Jason Sudeikis made a joke about Travis Kelce and Taylor Swift in a skit over the weekend − and while Kelce took it in good humor, it’s an important reminder your relationship is nobody’s business but yours.

Jason Sudeikis made a joke about Travis Kelce and Taylor Swift in a skit over the weekend − and while Kelce took it in good humor, it's an important reminder your relationship is nobody's business but yours.

 

While performing in a comedy sketch at the 15th annual Big Slick Celebrity Weekend charity fundraiser in Kansas City, Missouri, with Kelce, Sudeikis, in character, popped a question referencing Kelce’s relationship plans with Swift: “Hey Travis, real talk OK, just the guys here … When are you going to make an honest woman out of her?”

The “Ted Lasso” star also referenced Kansas City Chiefs’ kicker Harrison Butker’s recent commencement speech, in which the athlete suggested the highest calling for a woman is marriage and motherhood. “Taylor doesn’t need to be working anymore,” Sudeikis said. “I know your kicker agrees with me.”

 

Sudeikis was playing a character, and Kelce didn’t seem bothered by the joke, smiling along and not giving an answer. Still, mental health and relationship experts previously told USA TODAY we should keep in mind not every couple wants to get married and that’s OK. Furthermore, it’s probably time to retire the phrase “make an honest woman out of her,” which traditionally means to marry a woman that you are having sex with, per the Cambridge Dictionary’s website.

“Sudeikis is hilarious,” wrote one X user. “But seriously, Taylor Swift doesn’t need anyone to ‘make an honest woman’ out of her. She’s doing just fine on her own.”

Not everyone wants to get married
Sudeikis’ joke comes at a time when many are abandoning marriage. Research has shown marriage in the U.S. has steadily declined, and a 2019 report found three in 10 people view it as unimportant.

One high-profile example is Hollywood duo Goldie Hawn and Kurt Russell. Nearly 40 years later, they’re going strong without nuptials.

“For decades, people have been exploring less traditional forms of relationship style,” Antonia Hall, a psychologist, relationship expert and author of “The Ultimate Guide to a Multi-Orgasmic Life,” previously told USA TODAY “Societal views on cohabitation have become more favorable, and we are becoming more accustomed to varying familial paradigms. We are slowly understanding that there is no one-size-fits-all way of being in relationships.”

Still, those who don’t conform face a social stigma, particularly from well-intentioned friends and family.

According to experts, society operates in fear when people reject clearly defined categories. “When they don’t fit into a neat box, we resort to judging them,” Weena Wise, a licensed clinical marriage and family therapist, previously told USA TODAY.

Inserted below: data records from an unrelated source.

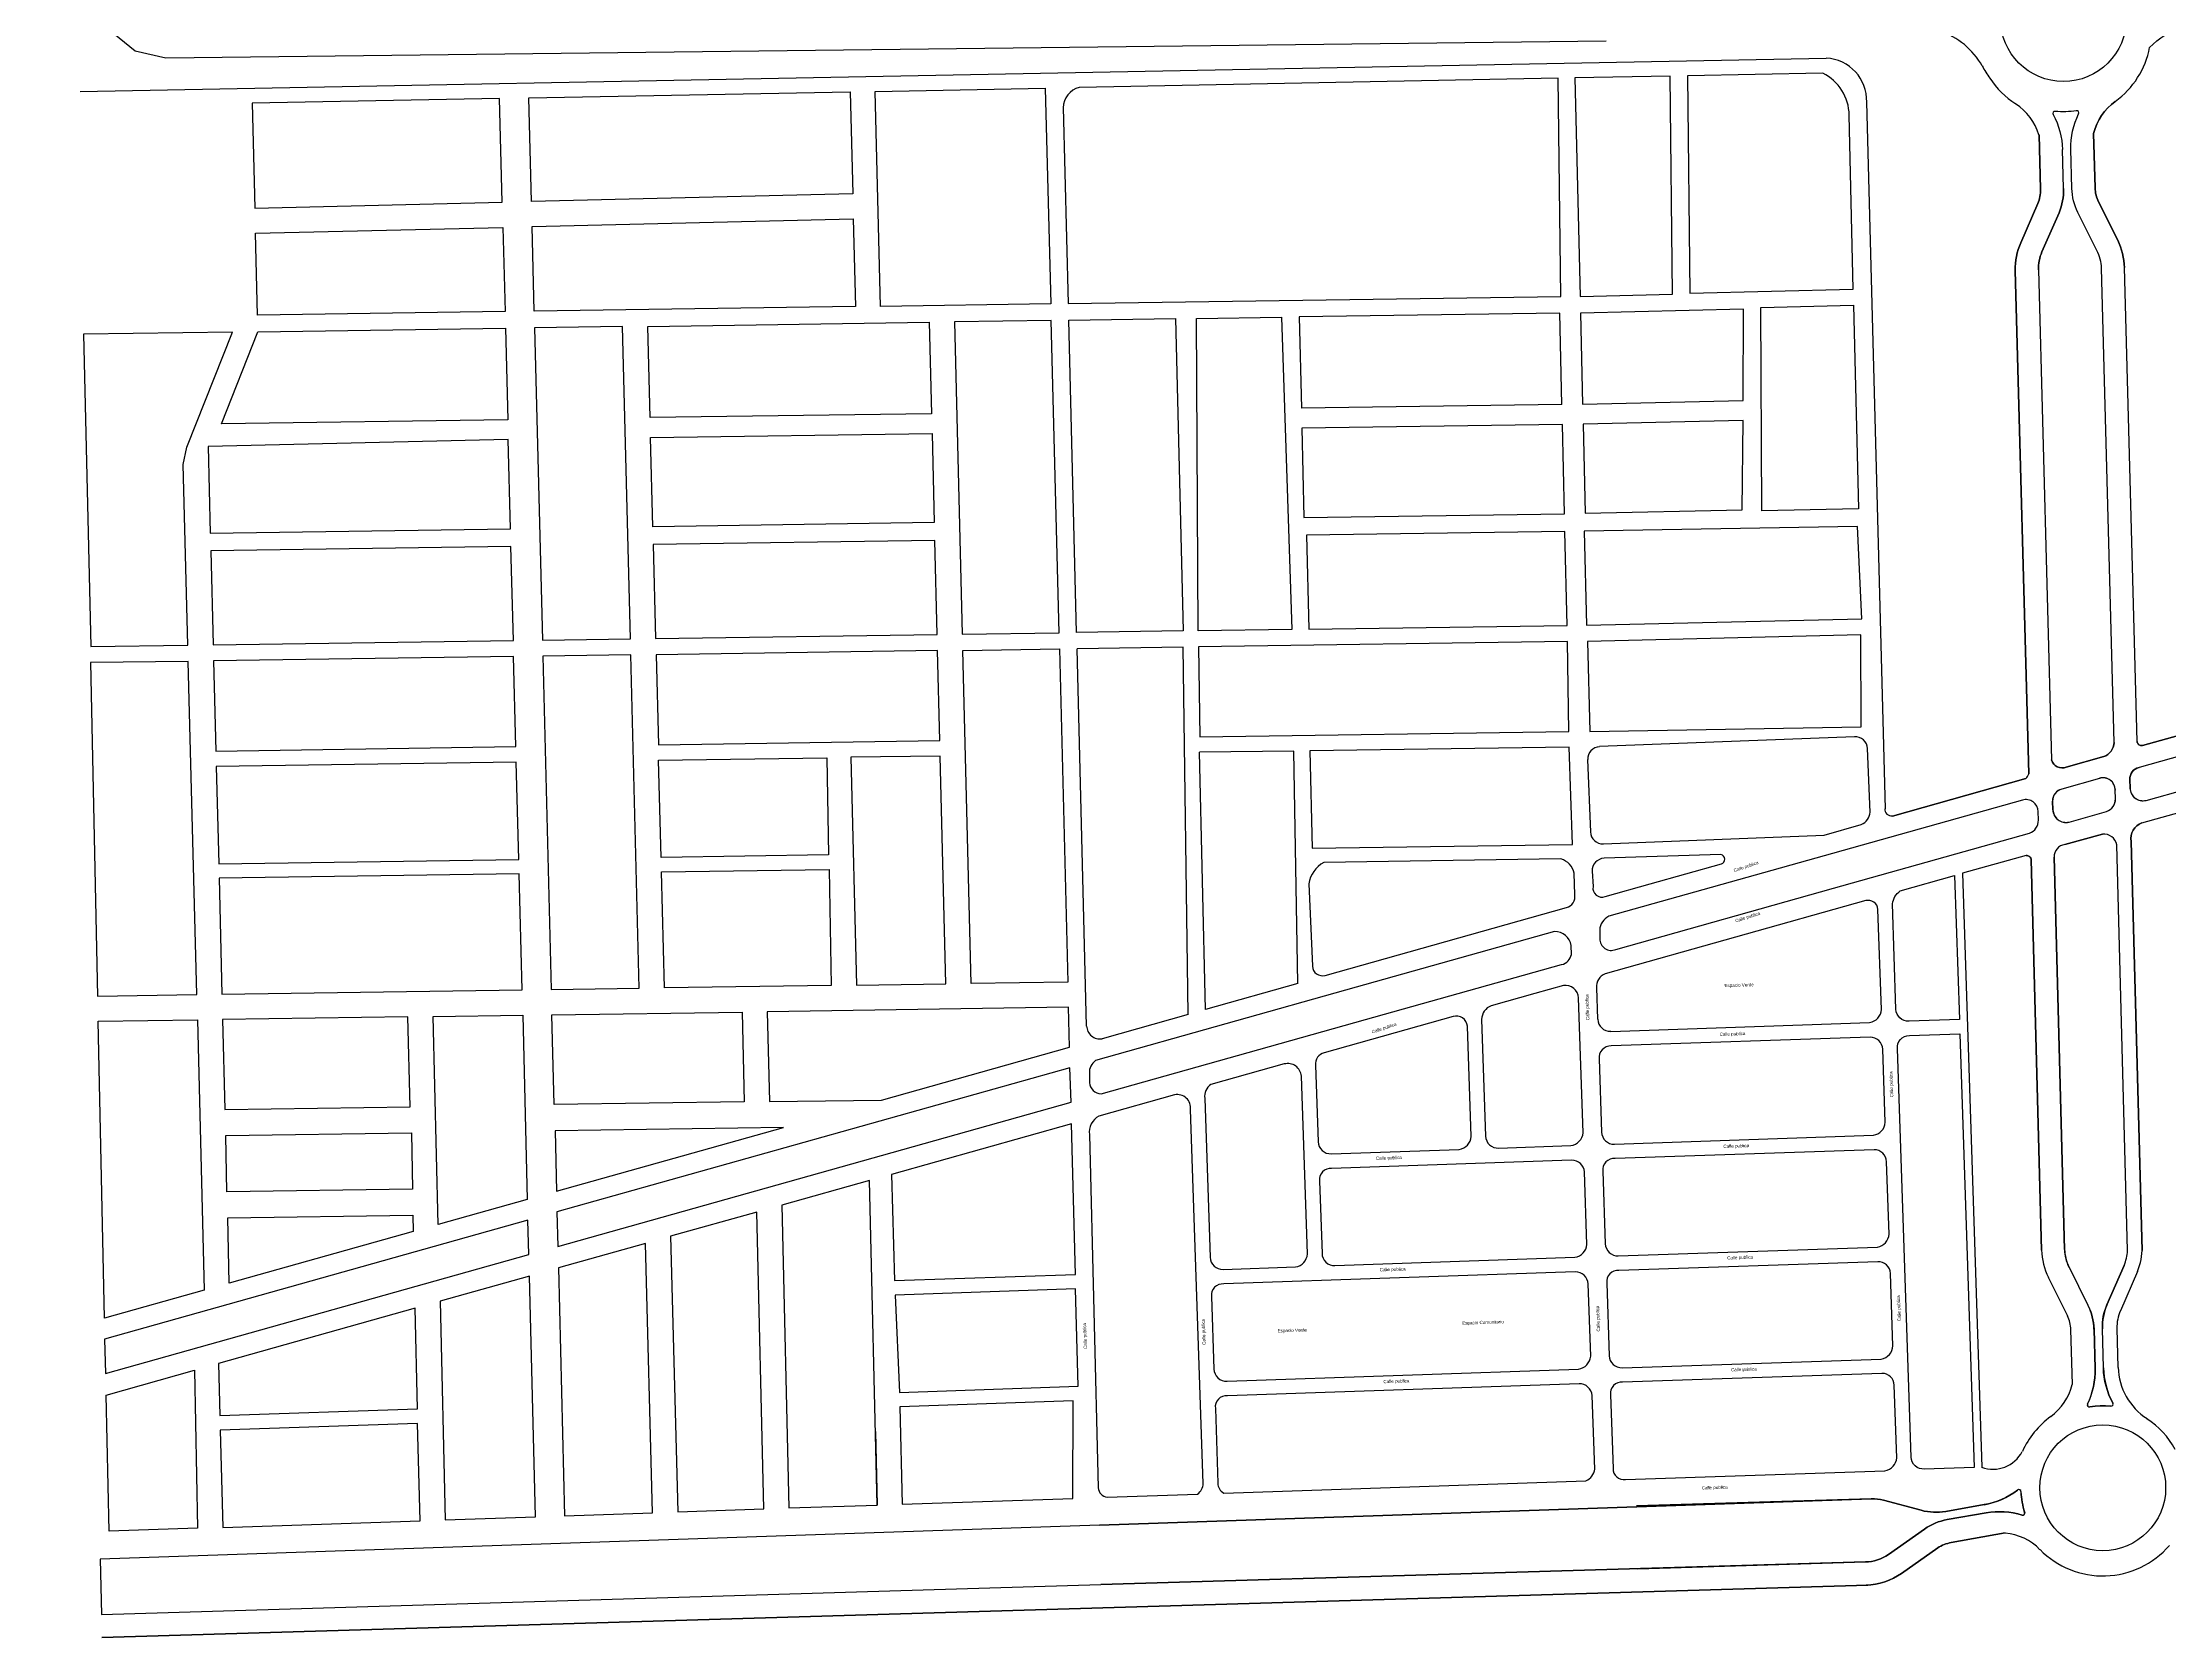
# Model space of a CAD drawing. Header units: millimetres. Extents: x 4374322 to 4409026, y 6503580 to 6534206.
# Drawn here: x 4378583 to 4379604, y 6514913 to 6515679 of the extents above; entities that cross this region are included whole.
import ezdxf

# ---------------------------------------------------------------- set-up
doc = ezdxf.new("R2010")
doc.units = ezdxf.units.MM
doc.layers.add('LINEA CALLE', color=252, linetype='Continuous')
doc.layers.add('NOMBRE CALLE', color=252, linetype='Continuous')
doc.styles.add('PDF MicrosoftSansSerif', font='arial.ttf')

msp = doc.modelspace()

# ---------------------------------------------------------------- linework, layer by layer
at = {"layer": 'LINEA CALLE', "transparency": 33554687}
for p, q in [((4379553.6, 6515608.8, -648.1), (4379553.1, 6515627.6, -648.1)), ((4379553.6, 6515608.8, -648.1), (4379553.1, 6515627.6, -648.1)), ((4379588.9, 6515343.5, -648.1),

Why marriage isn’t for everyone
Traditional marriage has long been hailed the ideal structure for companionship, security and family. However, psychologists say that’s not true for every couple.

When considering whether to get married, it’s important to remember marriage is rarely effortless and easy. It takes work from both people in order for it to succeed.

If a couple does choose to get married, that’s great − but it doesn’t mean the work of keeping the relationship healthy and thriving stops.

“Marriage can be seen as a goal accomplished that no longer requires effort, which couldn’t be further from the truth,” Hall previously told USA TODAY. As a result, “it’s all too common in long-term relationships and marriages that couples stop trying and take each other for granted.”

People also choose to forgo marriage for a variety of reasons, including financial constraints to fear of divorce.

For some, like Hawn, the idea of being legally bound to someone feels too constrictive. In 2016, she said, “I chose to stay (and) Kurt chose to stay. And we liked the choice… After all these years, you think, ‘Why (would we)? It’s not working? What is marriage going to do?’ ”

According to Wise, it can be “psychologically freeing when you’re not married but still choose to stay together.”

“It’s because you know that person can make a choice to leave, and they don’t. They actively choose to stay,” she previously told USA TODAY. “I applaud individuals who avoid the marriage matrix and avoid getting married too soon or for the wrong reasons. You can absolutely still be perfectly happy or in a healthy relationship without being married.”